[INPUT MATERIAL Boundary: Start]
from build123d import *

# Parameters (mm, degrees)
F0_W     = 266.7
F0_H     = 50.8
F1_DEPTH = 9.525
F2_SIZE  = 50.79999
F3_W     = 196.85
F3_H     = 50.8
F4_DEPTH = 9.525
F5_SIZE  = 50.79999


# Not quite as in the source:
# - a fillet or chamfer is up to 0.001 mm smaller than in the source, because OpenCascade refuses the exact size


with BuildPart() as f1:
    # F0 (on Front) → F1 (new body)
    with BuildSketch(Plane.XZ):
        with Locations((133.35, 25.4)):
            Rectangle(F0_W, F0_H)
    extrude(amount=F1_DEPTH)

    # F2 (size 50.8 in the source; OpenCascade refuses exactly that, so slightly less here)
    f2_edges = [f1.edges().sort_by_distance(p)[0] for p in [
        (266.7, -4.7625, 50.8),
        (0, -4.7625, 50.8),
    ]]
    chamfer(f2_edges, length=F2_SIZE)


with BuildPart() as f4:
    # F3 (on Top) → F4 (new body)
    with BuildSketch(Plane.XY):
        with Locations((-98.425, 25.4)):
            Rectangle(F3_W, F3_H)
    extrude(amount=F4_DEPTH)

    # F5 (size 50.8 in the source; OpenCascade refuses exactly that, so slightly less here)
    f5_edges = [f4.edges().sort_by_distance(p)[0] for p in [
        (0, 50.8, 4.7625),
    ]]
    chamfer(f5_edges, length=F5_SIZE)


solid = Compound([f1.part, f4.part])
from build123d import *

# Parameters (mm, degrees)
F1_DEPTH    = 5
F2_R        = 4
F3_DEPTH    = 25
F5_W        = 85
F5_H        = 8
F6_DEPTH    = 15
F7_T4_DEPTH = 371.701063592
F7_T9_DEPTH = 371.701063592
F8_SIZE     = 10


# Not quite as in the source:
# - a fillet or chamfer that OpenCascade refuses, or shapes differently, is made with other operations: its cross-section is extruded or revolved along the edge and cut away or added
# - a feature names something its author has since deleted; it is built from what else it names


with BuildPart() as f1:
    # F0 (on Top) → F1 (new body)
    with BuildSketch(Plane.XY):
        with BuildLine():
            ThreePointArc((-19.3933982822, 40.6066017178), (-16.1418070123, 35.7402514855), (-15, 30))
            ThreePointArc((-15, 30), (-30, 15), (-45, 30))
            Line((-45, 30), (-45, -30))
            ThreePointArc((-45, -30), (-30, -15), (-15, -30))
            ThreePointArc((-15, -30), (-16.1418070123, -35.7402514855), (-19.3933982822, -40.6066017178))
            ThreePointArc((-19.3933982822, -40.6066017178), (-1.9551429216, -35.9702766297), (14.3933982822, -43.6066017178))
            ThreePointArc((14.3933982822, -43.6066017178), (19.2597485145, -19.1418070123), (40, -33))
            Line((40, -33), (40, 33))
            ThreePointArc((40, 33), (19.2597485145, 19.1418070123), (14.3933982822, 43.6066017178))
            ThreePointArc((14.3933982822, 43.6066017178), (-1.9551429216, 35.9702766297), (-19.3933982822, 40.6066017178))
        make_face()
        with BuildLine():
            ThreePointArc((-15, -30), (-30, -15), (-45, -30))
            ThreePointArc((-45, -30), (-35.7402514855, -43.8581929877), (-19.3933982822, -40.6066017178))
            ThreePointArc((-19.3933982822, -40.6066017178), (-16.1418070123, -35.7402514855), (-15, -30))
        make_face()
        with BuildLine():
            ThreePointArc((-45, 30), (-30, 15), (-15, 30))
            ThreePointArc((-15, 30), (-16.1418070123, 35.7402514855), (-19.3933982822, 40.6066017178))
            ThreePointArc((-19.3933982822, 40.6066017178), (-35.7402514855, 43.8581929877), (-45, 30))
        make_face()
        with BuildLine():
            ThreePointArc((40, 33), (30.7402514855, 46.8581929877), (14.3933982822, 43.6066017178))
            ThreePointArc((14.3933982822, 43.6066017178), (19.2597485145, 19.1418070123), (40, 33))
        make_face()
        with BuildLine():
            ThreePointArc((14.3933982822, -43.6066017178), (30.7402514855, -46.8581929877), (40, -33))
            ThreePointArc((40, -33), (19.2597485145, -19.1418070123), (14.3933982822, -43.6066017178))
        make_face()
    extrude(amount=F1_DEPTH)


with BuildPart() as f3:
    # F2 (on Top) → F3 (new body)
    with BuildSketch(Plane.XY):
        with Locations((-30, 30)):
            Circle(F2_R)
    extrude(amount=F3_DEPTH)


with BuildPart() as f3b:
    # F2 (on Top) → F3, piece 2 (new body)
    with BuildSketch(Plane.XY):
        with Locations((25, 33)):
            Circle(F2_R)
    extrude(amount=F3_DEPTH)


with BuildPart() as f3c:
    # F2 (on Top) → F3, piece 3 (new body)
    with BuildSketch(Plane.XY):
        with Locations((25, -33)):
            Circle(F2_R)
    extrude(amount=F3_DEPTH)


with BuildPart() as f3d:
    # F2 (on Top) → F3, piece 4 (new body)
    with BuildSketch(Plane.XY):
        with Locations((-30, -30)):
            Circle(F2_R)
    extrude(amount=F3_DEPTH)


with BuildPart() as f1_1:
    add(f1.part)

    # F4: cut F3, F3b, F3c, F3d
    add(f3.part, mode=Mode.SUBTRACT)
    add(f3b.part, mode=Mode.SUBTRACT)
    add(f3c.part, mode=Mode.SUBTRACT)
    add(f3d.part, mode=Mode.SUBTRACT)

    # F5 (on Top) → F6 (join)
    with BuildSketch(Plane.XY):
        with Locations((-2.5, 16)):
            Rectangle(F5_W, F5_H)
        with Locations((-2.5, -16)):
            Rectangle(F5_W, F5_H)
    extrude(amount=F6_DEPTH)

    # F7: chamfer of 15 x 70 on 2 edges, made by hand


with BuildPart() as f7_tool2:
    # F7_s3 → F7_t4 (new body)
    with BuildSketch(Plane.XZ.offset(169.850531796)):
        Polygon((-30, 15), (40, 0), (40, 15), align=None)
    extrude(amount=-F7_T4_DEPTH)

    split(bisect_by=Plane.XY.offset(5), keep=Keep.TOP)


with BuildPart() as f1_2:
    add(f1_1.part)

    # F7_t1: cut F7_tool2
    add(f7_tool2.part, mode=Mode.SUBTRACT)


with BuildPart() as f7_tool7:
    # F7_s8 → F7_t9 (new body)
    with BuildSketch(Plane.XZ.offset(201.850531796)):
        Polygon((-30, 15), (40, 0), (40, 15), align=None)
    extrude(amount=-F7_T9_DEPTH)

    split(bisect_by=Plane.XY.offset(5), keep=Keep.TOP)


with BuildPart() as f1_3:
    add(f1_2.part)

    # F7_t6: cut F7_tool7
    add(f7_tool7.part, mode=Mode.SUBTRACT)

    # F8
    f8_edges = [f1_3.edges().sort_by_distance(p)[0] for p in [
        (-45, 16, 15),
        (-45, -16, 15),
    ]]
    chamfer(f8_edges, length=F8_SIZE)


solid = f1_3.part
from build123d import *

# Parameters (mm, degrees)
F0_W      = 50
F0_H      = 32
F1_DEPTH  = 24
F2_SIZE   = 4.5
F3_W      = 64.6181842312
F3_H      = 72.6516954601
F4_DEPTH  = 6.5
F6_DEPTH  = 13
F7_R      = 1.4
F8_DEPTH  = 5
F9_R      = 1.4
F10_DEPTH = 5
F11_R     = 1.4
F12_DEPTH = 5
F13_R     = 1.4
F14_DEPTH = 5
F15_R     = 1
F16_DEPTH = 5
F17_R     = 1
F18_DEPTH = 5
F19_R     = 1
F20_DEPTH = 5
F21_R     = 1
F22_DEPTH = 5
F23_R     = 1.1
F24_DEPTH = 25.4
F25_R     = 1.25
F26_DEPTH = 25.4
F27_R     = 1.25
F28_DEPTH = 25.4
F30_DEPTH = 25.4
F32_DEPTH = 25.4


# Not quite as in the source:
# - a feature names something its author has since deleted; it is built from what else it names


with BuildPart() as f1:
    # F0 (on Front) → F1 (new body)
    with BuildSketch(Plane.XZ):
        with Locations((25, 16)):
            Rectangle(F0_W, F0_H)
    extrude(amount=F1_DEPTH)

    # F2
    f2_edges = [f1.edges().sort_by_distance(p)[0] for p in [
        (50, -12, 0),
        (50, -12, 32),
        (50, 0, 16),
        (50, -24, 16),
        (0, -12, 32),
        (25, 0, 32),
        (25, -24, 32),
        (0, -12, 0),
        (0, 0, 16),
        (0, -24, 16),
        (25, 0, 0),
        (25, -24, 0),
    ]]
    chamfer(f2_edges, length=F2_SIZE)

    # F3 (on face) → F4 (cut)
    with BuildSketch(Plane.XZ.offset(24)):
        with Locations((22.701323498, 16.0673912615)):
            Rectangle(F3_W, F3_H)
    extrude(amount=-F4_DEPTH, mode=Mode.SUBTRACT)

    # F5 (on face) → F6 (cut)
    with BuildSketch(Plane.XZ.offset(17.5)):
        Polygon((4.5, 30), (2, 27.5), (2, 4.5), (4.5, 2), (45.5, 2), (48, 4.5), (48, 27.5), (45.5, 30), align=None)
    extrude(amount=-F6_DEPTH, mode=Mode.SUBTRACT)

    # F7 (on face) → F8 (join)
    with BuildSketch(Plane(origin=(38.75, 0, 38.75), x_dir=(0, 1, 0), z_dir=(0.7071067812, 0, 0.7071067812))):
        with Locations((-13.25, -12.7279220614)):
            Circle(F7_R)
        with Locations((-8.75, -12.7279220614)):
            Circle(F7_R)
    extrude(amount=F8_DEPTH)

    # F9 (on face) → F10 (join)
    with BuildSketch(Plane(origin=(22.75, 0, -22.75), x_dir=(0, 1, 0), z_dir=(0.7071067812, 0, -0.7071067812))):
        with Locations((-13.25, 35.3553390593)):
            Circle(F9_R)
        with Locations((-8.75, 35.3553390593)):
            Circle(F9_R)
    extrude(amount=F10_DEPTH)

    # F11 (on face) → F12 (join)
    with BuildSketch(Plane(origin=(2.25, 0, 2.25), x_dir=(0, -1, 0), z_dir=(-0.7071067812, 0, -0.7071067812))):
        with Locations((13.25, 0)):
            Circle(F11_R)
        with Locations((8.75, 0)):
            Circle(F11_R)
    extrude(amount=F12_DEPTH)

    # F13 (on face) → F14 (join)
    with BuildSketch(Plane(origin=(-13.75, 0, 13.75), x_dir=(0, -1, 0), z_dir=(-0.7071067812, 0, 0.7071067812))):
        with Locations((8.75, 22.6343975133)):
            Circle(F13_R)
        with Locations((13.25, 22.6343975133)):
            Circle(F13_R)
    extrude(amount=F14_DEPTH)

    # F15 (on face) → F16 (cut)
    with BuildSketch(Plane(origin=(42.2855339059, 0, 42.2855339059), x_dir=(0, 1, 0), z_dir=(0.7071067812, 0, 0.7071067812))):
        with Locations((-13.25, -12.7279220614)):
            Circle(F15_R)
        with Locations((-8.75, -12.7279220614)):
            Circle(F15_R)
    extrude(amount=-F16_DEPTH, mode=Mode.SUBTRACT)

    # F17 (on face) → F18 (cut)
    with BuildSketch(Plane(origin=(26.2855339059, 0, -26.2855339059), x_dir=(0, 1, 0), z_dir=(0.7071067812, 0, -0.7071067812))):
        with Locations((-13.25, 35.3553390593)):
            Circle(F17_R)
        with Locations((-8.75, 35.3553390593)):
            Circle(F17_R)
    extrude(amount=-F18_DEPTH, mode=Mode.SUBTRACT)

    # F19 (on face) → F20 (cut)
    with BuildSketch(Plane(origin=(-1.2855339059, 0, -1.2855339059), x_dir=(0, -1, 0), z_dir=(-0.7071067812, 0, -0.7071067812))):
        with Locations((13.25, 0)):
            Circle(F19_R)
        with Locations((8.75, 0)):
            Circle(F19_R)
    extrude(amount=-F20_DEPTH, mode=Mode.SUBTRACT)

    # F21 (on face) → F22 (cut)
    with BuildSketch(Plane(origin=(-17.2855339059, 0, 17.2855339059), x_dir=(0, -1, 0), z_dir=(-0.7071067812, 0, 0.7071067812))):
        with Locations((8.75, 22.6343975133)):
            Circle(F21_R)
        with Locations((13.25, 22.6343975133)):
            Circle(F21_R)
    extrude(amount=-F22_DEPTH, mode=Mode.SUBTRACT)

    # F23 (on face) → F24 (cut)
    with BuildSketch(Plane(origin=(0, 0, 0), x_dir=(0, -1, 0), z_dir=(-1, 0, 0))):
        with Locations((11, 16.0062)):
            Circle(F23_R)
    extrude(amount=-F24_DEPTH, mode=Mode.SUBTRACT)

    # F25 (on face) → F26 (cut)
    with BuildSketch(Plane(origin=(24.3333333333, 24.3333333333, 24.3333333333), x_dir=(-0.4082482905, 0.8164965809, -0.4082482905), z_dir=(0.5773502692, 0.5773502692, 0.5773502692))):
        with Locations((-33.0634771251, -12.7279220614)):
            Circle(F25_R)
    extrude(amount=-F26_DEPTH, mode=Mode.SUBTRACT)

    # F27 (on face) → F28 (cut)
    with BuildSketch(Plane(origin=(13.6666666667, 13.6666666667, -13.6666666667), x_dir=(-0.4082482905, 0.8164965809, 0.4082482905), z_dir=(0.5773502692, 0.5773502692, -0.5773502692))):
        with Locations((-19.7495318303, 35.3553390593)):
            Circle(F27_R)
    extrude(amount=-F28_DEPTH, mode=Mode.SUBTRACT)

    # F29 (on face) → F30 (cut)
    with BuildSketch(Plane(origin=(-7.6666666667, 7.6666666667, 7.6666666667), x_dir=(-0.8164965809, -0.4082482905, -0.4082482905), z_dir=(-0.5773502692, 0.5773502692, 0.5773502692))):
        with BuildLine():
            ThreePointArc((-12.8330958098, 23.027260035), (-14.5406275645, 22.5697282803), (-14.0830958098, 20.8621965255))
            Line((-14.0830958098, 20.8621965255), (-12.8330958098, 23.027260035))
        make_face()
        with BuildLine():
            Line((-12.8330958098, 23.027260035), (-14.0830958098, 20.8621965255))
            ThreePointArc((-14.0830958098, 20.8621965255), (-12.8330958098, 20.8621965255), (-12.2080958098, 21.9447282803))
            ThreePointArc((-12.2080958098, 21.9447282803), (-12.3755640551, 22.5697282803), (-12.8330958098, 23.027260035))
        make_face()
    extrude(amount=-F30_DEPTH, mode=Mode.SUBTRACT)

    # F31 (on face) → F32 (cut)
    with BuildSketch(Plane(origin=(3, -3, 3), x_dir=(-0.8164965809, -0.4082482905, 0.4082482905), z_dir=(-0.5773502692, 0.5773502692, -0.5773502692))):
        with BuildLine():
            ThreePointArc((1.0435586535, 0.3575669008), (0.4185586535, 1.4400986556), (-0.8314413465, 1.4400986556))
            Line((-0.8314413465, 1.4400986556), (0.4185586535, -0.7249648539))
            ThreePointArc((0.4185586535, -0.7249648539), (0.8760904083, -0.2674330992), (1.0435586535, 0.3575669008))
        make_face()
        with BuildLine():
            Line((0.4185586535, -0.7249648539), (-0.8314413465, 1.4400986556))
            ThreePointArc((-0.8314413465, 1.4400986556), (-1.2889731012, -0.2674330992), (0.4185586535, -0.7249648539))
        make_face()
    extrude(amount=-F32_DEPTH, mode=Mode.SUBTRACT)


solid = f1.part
[INPUT MATERIAL Boundary: End]
EXERCISE DIRECTIONS: Take each line above that contains "offset" and copy it out.

THE COMPLETED TASK:
    with BuildSketch(Plane.XZ.offset(169.850531796)):
    split(bisect_by=Plane.XY.offset(5), keep=Keep.TOP)
    with BuildSketch(Plane.XZ.offset(201.850531796)):
    split(bisect_by=Plane.XY.offset(5), keep=Keep.TOP)
    with BuildSketch(Plane.XZ.offset(24)):
    with BuildSketch(Plane.XZ.offset(17.5)):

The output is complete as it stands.